Would you please return the lines of the entries below starting at the line that has "with Locations(*[(0, i" and ending at the line that has "Rectangle(MIRROR2_COPY_2_SKETCH_W, MIRROR2_COPY_2_SKETCH_H)", both included, exactly as they are?

[Entries taken from a collection]
◇ ◇ ◇ ◇ ◇ ◇ ◇
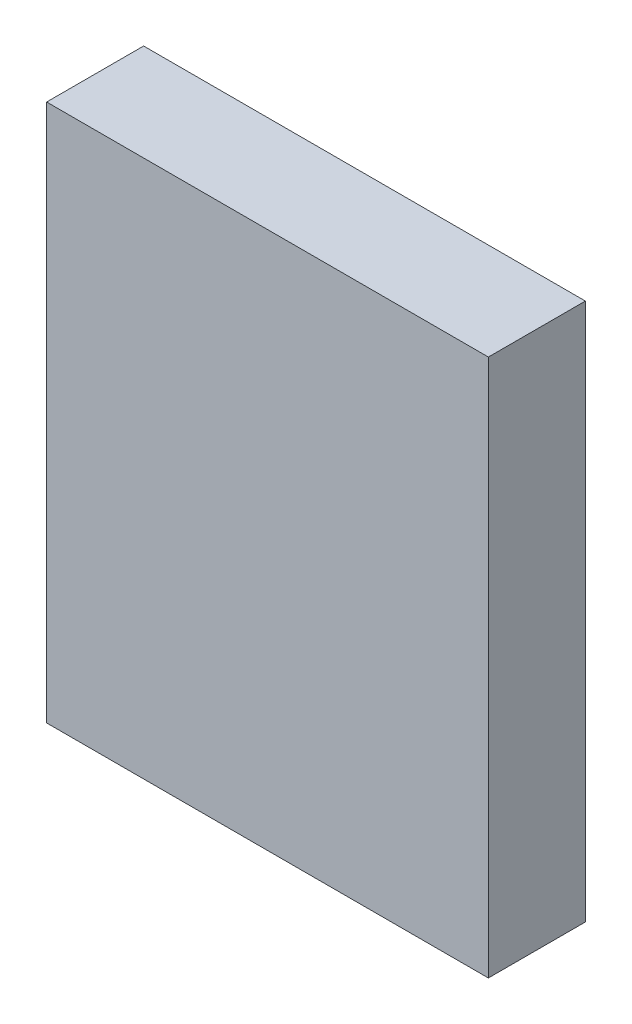
from build123d import *

# Parameters (mm, degrees)
SCHIZZO1_W                   = 46
SCHIZZO1_H                   = 56
ESTRUSIONE_ESTRUSIONE1_DEPTH = 10.1


with BuildPart() as part:
    # Schizzo1 → Estrusione-Estrusione1 (new body)
    with BuildSketch(Plane.XY):
        with Locations((23, 28)):
            Rectangle(SCHIZZO1_W, SCHIZZO1_H)
    extrude(amount=ESTRUSIONE_ESTRUSIONE1_DEPTH)


solid = part.part
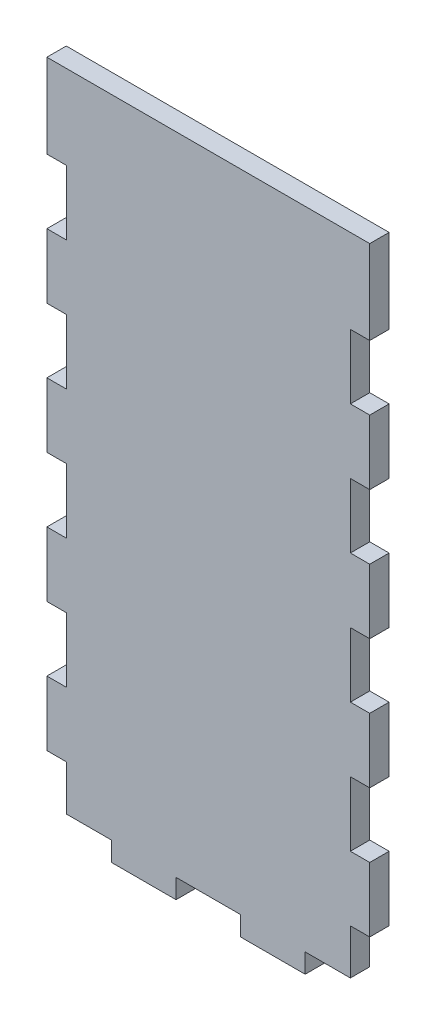
from build123d import *

# Parameters (mm, degrees)
SKETCH1_W               = 100
SKETCH1_H               = 206
BOSS_EXTRUDE1_DEPTH     = 6
SKETCH2_W               = 6
SKETCH2_H               = 20
CUT_EXTRUDE1_DEPTH      = 10
LPATTERN1_COUNT         = 5
LPATTERN1_PITCH         = 40
MIRROR2_COPY_1_SKETCH_W = 6
MIRROR2_COPY_1_SKETCH_H = 20
MIRROR2_COPY_1_DEPTH    = 10
MIRROR2_COPY_2_SKETCH_W = 6
MIRROR2_COPY_2_SKETCH_H = 20
MIRROR2_COPY_2_DEPTH    = 10
MIRROR2_COPY_3_SKETCH_W = 6
MIRROR2_COPY_3_SKETCH_H = 20
MIRROR2_COPY_3_DEPTH    = 10
MIRROR2_COPY_4_SKETCH_W = 6
MIRROR2_COPY_4_SKETCH_H = 20
MIRROR2_COPY_4_DEPTH    = 10
SKETCH4_W               = 20
SKETCH4_H               = 6
CUT_EXTRUDE2_DEPTH      = 10
LPATTERN2_COUNT         = 3
LPATTERN2_PITCH         = 40


with BuildPart() as part:
    # Sketch1 → Boss-Extrude1 (new body)
    with BuildSketch(Plane.XY):
        with Locations((40, 96.427419355)):
            Rectangle(SKETCH1_W, SKETCH1_H)
    extrude(amount=BOSS_EXTRUDE1_DEPTH)

    # Sketch2 → Cut-Extrude1 (cut)
    with BuildSketch(Plane.XY):
        with Locations((-7, 3.427419355)):
            Rectangle(SKETCH2_W, SKETCH2_H)
    cut_extrude1 = extrude(amount=CUT_EXTRUDE1_DEPTH, mode=Mode.SUBTRACT)

    # LPattern1: Cut-Extrude1 ×5
    with Locations(*[(0, i * LPATTERN1_PITCH, 0) for i in range(1, LPATTERN1_COUNT)]):
        add(cut_extrude1, mode=Mode.SUBTRACT)

    # Mirror2: Cut-Extrude1 across plane
    add(cut_extrude1.mirror(Plane(origin=(40, 0, 0), x_dir=(0, 0, 1), z_dir=(1, 0, 0))), mode=Mode.SUBTRACT)

    # Mirror2 copy 1 sketch → Mirror2 copy 1 (cut)
    with BuildSketch(Plane(origin=(80, 40, 0), x_dir=(-1, 0, 0), z_dir=(0, 0, 1))):
        with Locations((-7, -3.427419355)):
            Rectangle(MIRROR2_COPY_1_SKETCH_W, MIRROR2_COPY_1_SKETCH_H)
    extrude(amount=MIRROR2_COPY_1_DEPTH, mode=Mode.SUBTRACT)

    # Mirror2 copy 2 sketch → Mirror2 copy 2 (cut)
    with BuildSketch(Plane(origin=(80, 80, 0), x_dir=(-1, 0, 0), z_dir=(0, 0, 1))):
        with Locations((-7, -3.427419355)):
            Rectangle(MIRROR2_COPY_2_SKETCH_W, MIRROR2_COPY_2_SKETCH_H)
    extrude(amount=MIRROR2_COPY_2_DEPTH, mode=Mode.SUBTRACT)

    # Mirror2 copy 3 sketch → Mirror2 copy 3 (cut)
    with BuildSketch(Plane(origin=(80, 120, 0), x_dir=(-1, 0, 0), z_dir=(0, 0, 1))):
        with Locations((-7, -3.427419355)):
            Rectangle(MIRROR2_COPY_3_SKETCH_W, MIRROR2_COPY_3_SKETCH_H)
    extrude(amount=MIRROR2_COPY_3_DEPTH, mode=Mode.SUBTRACT)

    # Mirror2 copy 4 sketch → Mirror2 copy 4 (cut)
    with BuildSketch(Plane(origin=(80, 160, 0), x_dir=(-1, 0, 0), z_dir=(0, 0, 1))):
        with Locations((-7, -3.427419355)):
            Rectangle(MIRROR2_COPY_4_SKETCH_W, MIRROR2_COPY_4_SKETCH_H)
    extrude(amount=MIRROR2_COPY_4_DEPTH, mode=Mode.SUBTRACT)

    # Sketch4 → Cut-Extrude2 (cut)
    with BuildSketch(Plane.XY.offset(6)):
        with Locations((0, -3.572580645)):
            Rectangle(SKETCH4_W, SKETCH4_H)
    cut_extrude2 = extrude(amount=-CUT_EXTRUDE2_DEPTH, mode=Mode.SUBTRACT)

    # LPattern2: Cut-Extrude2 ×3
    with Locations(*[(i * LPATTERN2_PITCH, 0, 0) for i in range(1, LPATTERN2_COUNT)]):
        add(cut_extrude2, mode=Mode.SUBTRACT)


solid = part.part
◇ ◇ ◇ ◇ ◇ ◇ ◇
**Exercise response**
    with Locations(*[(0, i * LPATTERN1_PITCH, 0) for i in range(1, LPATTERN1_COUNT)]):
        add(cut_extrude1, mode=Mode.SUBTRACT)

    # Mirror2: Cut-Extrude1 across plane
    add(cut_extrude1.mirror(Plane(origin=(40, 0, 0), x_dir=(0, 0, 1), z_dir=(1, 0, 0))), mode=Mode.SUBTRACT)

    # Mirror2 copy 1 sketch → Mirror2 copy 1 (cut)
    with BuildSketch(Plane(origin=(80, 40, 0), x_dir=(-1, 0, 0), z_dir=(0, 0, 1))):
        with Locations((-7, -3.427419355)):
            Rectangle(MIRROR2_COPY_1_SKETCH_W, MIRROR2_COPY_1_SKETCH_H)
    extrude(amount=MIRROR2_COPY_1_DEPTH, mode=Mode.SUBTRACT)

    # Mirror2 copy 2 sketch → Mirror2 copy 2 (cut)
    with BuildSketch(Plane(origin=(80, 80, 0), x_dir=(-1, 0, 0), z_dir=(0, 0, 1))):
        with Locations((-7, -3.427419355)):
            Rectangle(MIRROR2_COPY_2_SKETCH_W, MIRROR2_COPY_2_SKETCH_H)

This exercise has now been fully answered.